I have a few sets of Canton splits, still my favorite. I'll be using one of the QS 2.16 aluminium reference sets in this install in the factory locations so there will be no cutting

















3x Orion 2NT 12" DVC - still brand new in the boxes - Had them in storage.

















Front stage amp: Clarion APA4200 made in USA (the old Pro Audio model with some McIntosh guts in them). I don't particularly have a use for the MRV-1000s in this install, maybe it's ebay time









Sub amp









Recently sold my Alpine 7949, CHA-S634 and PRA-H400 for an X305 and Imprint. It's the only new school stuff here, a bit of a downgrade sound quality wise but purely for convenience. I can't remember the last time I bought a CD.

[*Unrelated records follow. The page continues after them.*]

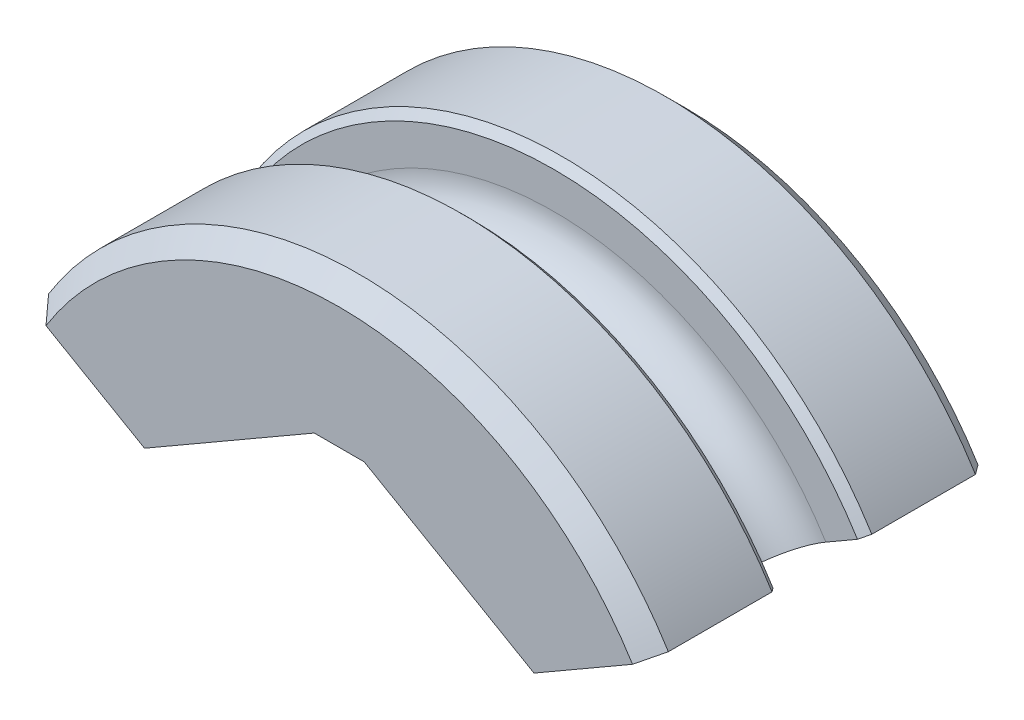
ISO-10303-21;
HEADER;
FILE_DESCRIPTION(('STEP AP214'),'2;1');
FILE_NAME('part.step','',(''),(''),'','','');
FILE_SCHEMA(('AUTOMOTIVE_DESIGN { 1 0 10303 214 1 1 1 1 }'));
ENDSEC;
DATA;
#1=APPLICATION_CONTEXT('core data for automotive mechanical design processes');
#2=APPLICATION_PROTOCOL_DEFINITION('international standard','automotive_design',2000,#1);
#3=PRODUCT_CONTEXT('',#1,'mechanical');
#4=PRODUCT('Part','Part','',(#3));
#5=PRODUCT_RELATED_PRODUCT_CATEGORY('part','',(#4));
#6=PRODUCT_DEFINITION_FORMATION('','',#4);
#7=PRODUCT_DEFINITION_CONTEXT('part definition',#1,'design');
#8=PRODUCT_DEFINITION('design','',#6,#7);
#9=PRODUCT_DEFINITION_SHAPE('','',#8);
#10=(LENGTH_UNIT() NAMED_UNIT(*) SI_UNIT(.MILLI.,.METRE.));
#11=(NAMED_UNIT(*) PLANE_ANGLE_UNIT() SI_UNIT($,.RADIAN.));
#12=(NAMED_UNIT(*) SI_UNIT($,.STERADIAN.) SOLID_ANGLE_UNIT());
#13=UNCERTAINTY_MEASURE_WITH_UNIT(LENGTH_MEASURE(1.E-05),#10,'distance_accuracy_value','');
#14=(GEOMETRIC_REPRESENTATION_CONTEXT(3) GLOBAL_UNCERTAINTY_ASSIGNED_CONTEXT((#13)) GLOBAL_UNIT_ASSIGNED_CONTEXT((#10,
#11,#12)) REPRESENTATION_CONTEXT('',''));
#15=CARTESIAN_POINT('',(0.,0.,0.));
#16=DIRECTION('',(0.,0.,1.));
#17=DIRECTION('',(1.,0.,0.));
#18=AXIS2_PLACEMENT_3D('',#15,#16,#17);
#19=CARTESIAN_POINT('',(0.,0.,16.4693044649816));
#20=DIRECTION('',(0.,0.,1.));
#21=DIRECTION('',(1.,0.,0.));
#22=AXIS2_PLACEMENT_3D('',#19,#20,#21);
#23=CYLINDRICAL_SURFACE('',#22,9.5);
#24=DIRECTION('',(0.,0.,1.));
#25=VECTOR('',#24,1.);
#26=CARTESIAN_POINT('',(-8.07313808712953,5.00743860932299,-9.99999999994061E-05));
#27=LINE('',#26,#25);
#28=CARTESIAN_POINT('',(-8.07313808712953,5.00743860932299,0.5));
#29=VERTEX_POINT('',#28);
#30=CARTESIAN_POINT('',(-8.07313808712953,5.00743860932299,3.2));
#31=VERTEX_POINT('',#30);
#32=EDGE_CURVE('E219',#29,#31,#27,.T.);
#33=ORIENTED_EDGE('',*,*,#32,.T.);
#34=CARTESIAN_POINT('',(0.,0.,3.2));
#35=DIRECTION('',(0.,0.,-1.));
#36=DIRECTION('',(-1.,0.,0.));
#37=AXIS2_PLACEMENT_3D('',#34,#35,#36);
#38=CIRCLE('',#37,9.5);
#39=CARTESIAN_POINT('',(8.07313808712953,5.00743860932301,3.2));
#40=VERTEX_POINT('',#39);
#41=EDGE_CURVE('E248',#31,#40,#38,.T.);
#42=ORIENTED_EDGE('',*,*,#41,.T.);
#43=DIRECTION('',(0.,0.,1.));
#44=VECTOR('',#43,1.);
#45=CARTESIAN_POINT('',(8.07313808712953,5.00743860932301,-9.99999999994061E-05));
#46=LINE('',#45,#44);
#47=CARTESIAN_POINT('',(8.07313808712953,5.00743860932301,0.5));
#48=VERTEX_POINT('',#47);
#49=EDGE_CURVE('E161',#48,#40,#46,.T.);
#50=ORIENTED_EDGE('',*,*,#49,.F.);
#51=CARTESIAN_POINT('',(0.,0.,0.5));
#52=DIRECTION('',(0.,0.,1.));
#53=DIRECTION('',(1.,0.,0.));
#54=AXIS2_PLACEMENT_3D('',#51,#52,#53);
#55=CIRCLE('',#54,9.5);
#56=EDGE_CURVE('E244',#48,#29,#55,.T.);
#57=ORIENTED_EDGE('',*,*,#56,.T.);
#58=EDGE_LOOP('',(#33,#42,#50,#57));
#59=FACE_BOUND('',#58,.T.);
#60=ADVANCED_FACE('F14',(#59),#23,.T.);
#61=CARTESIAN_POINT('',(0.,7.25555349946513,11.5));
#62=DIRECTION('',(0.469846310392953,0.813797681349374,-0.342020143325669));
#63=DIRECTION('',(0.866025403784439,-0.5,0.));
#64=AXIS2_PLACEMENT_3D('',#61,#62,#63);
#65=PLANE('',#64);
#66=DIRECTION('',(0.,0.387449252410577,0.921891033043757));
#67=VECTOR('',#66,1.);
#68=CARTESIAN_POINT('',(0.650000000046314,6.93661135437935,11.634043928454));
#69=LINE('',#68,#67);
#70=CARTESIAN_POINT('',(0.650000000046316,2.41402154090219,0.873060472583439));
#71=VERTEX_POINT('',#70);
#72=CARTESIAN_POINT('',(0.650000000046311,5.82958426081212,9.));
#73=VERTEX_POINT('',#72);
#74=EDGE_CURVE('E148',#71,#73,#69,.T.);
#75=ORIENTED_EDGE('',*,*,#74,.F.);
#76=CARTESIAN_POINT('',(0.,0.,-5.76375691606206));
#77=DIRECTION('',(0.469846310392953,0.813797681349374,-0.342020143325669));
#78=DIRECTION('',(-0.171010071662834,-0.296198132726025,-0.939692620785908));
#79=AXIS2_PLACEMENT_3D('',#76,#77,#78);
#80=ELLIPSE('',#79,7.30951100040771,2.5);
#81=CARTESIAN_POINT('',(1.99941852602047,1.50077498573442,0.553843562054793));
#82=VERTEX_POINT('',#81);
#83=EDGE_CURVE('E135',#71,#82,#80,.T.);
#84=ORIENTED_EDGE('',*,*,#83,.T.);
#85=DIRECTION('',(0.335540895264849,0.193724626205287,0.921891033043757));
#86=VECTOR('',#85,1.);
#87=CARTESIAN_POINT('',(5.53438182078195,3.5416869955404,10.2660753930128));
#88=LINE('',#87,#86);
#89=CARTESIAN_POINT('',(5.07356806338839,3.27563604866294,9.));
#90=VERTEX_POINT('',#89);
#91=EDGE_CURVE('E146',#82,#90,#88,.T.);
#92=ORIENTED_EDGE('',*,*,#91,.T.);
#93=DIRECTION('',(0.866025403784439,-0.5,0.));
#94=VECTOR('',#93,1.);
#95=CARTESIAN_POINT('',(2.68678403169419,4.65364645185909,9.));
#96=LINE('',#95,#94);
#97=EDGE_CURVE('E168',#73,#90,#96,.T.);
#98=ORIENTED_EDGE('',*,*,#97,.F.);
#99=EDGE_LOOP('',(#75,#84,#92,#98));
#100=FACE_BOUND('',#99,.T.);
#101=ADVANCED_FACE('F144',(#100),#65,.F.);
#102=CARTESIAN_POINT('',(-6.5,3.50277674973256,11.5));
#103=DIRECTION('',(-0.469846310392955,0.813797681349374,-0.342020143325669));
#104=DIRECTION('',(0.866025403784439,0.5,0.));
#105=AXIS2_PLACEMENT_3D('',#102,#103,#104);
#106=PLANE('',#105);
#107=DIRECTION('',(0.335540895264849,-0.193724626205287,-0.921891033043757));
#108=VECTOR('',#107,1.);
#109=CARTESIAN_POINT('',(-6.02226182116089,3.82336464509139,11.6065146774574));
#110=LINE('',#109,#108);
#111=CARTESIAN_POINT('',(-5.07356806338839,3.27563604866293,9.));
#112=VERTEX_POINT('',#111);
#113=CARTESIAN_POINT('',(-1.99941852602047,1.50077498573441,0.553843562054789));
#114=VERTEX_POINT('',#113);
#115=EDGE_CURVE('E156',#112,#114,#110,.T.);
#116=ORIENTED_EDGE('',*,*,#115,.T.);
#117=CARTESIAN_POINT('',(0.,0.,-5.76375691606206));
#118=DIRECTION('',(-0.469846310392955,0.813797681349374,-0.342020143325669));
#119=DIRECTION('',(0.171010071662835,-0.296198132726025,-0.939692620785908));
#120=AXIS2_PLACEMENT_3D('',#117,#118,#119);
#121=ELLIPSE('',#120,7.30951100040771,2.5);
#122=CARTESIAN_POINT('',(-0.650000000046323,2.41402154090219,0.873060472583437));
#123=VERTEX_POINT('',#122);
#124=EDGE_CURVE('E322',#114,#123,#121,.T.);
#125=ORIENTED_EDGE('',*,*,#124,.T.);
#126=DIRECTION('',(0.,-0.387449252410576,-0.921891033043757));
#127=VECTOR('',#126,1.);
#128=CARTESIAN_POINT('',(-0.650000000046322,6.37325605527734,10.2936046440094));
#129=LINE('',#128,#127);
#130=CARTESIAN_POINT('',(-0.65000000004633,5.82958426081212,9.));
#131=VERTEX_POINT('',#130);
#132=EDGE_CURVE('E170',#131,#123,#129,.T.);
#133=ORIENTED_EDGE('',*,*,#132,.F.);
#134=DIRECTION('',(0.866025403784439,0.5,0.));
#135=VECTOR('',#134,1.);
#136=CARTESIAN_POINT('',(-2.6867840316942,4.65364645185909,9.));
#137=LINE('',#136,#135);
#138=EDGE_CURVE('E166',#112,#131,#137,.T.);
#139=ORIENTED_EDGE('',*,*,#138,.F.);
#140=EDGE_LOOP('',(#116,#125,#133,#139));
#141=FACE_BOUND('',#140,.T.);
#142=ADVANCED_FACE('F331',(#141),#106,.F.);
#143=CARTESIAN_POINT('',(0.,0.,9.));
#144=DIRECTION('',(0.,0.,-1.));
#145=DIRECTION('',(-1.,0.,0.));
#146=AXIS2_PLACEMENT_3D('',#143,#144,#145);
#147=PLANE('',#146);
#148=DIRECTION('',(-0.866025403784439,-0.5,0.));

I will also be wiring in a PAC SWI-JACK to retain the factory steering wheel audio controls.

Made up a simple router circle jig


----------



## jambo (Dec 28, 2009)

Bit of a weird-ass design I came up with with a couple of friends who are into audio fabrication. Basically to randomise the interior walls a bit and stop each chamber being a perfect square. Maybe it'll sound like rubbish, maybe it'll sound good, who knows, it'll be fun experimenting.

















Test fit (excuse the dust and dirty sub surrounds please!)









The subs will be firing forward for maximum detail. Here's a little board I'm working on to mount the amps, crossovers and processor which will use up the spare bit of space in front of the box behind the seats, while keeping everything well hidden. I flipped things around so the gains and crossovers are easily accessible through the seat opening. Just needs a little carpet

















I'll start running wiring through the car soon, I'm sure there will be plenty more to update 

Cheers


----------



## Blazemore (Dec 1, 2006)

Those NT's will get it on....I still remember that headache.


----------



## TRD07 (Oct 13, 2009)

rare old school orion. good old days.


----------



## kkreit01 (Aug 27, 2009)

Very nice ride, and setup. Thanks for posting.


----------



## Thrill_House (Nov 20, 2008)

Dude your using Canton, thats sweet!!!! I am probably the biggest canton fan that you will find. Im I have both those sets that you have posted, the qs2.16 and the 3way set (cant remember the model # right now), the qs2.16 alumnium cone woofers are phenomenal drivers! My brother has my qs2.16 set right now and im running the 3way setup active in my 2002 civic and loving them. The aluminum magnese tweets are so detailed and smooth, and the midrange have such a nice airy sound, oh and the midbass out put from the mid is phenomenal! Im actually running an old set of canton fonum 501 towers at home as well and they have that same airy sound which is really cool. Anyway I love the care and the equipment, cant wait to see how it all turns out!


----------



## Notloudenuf (Sep 14, 2008)

I like this car.

Subscription sent.


----------



## vwtoby (Oct 28, 2005)

is that a canton RS6 3way??

love canton too...although never actually run them, lol...just something about zee german build quality..

keep us posted


----------



## jambo (Dec 28, 2009)

Nice to see some Canton and old school Orion fans!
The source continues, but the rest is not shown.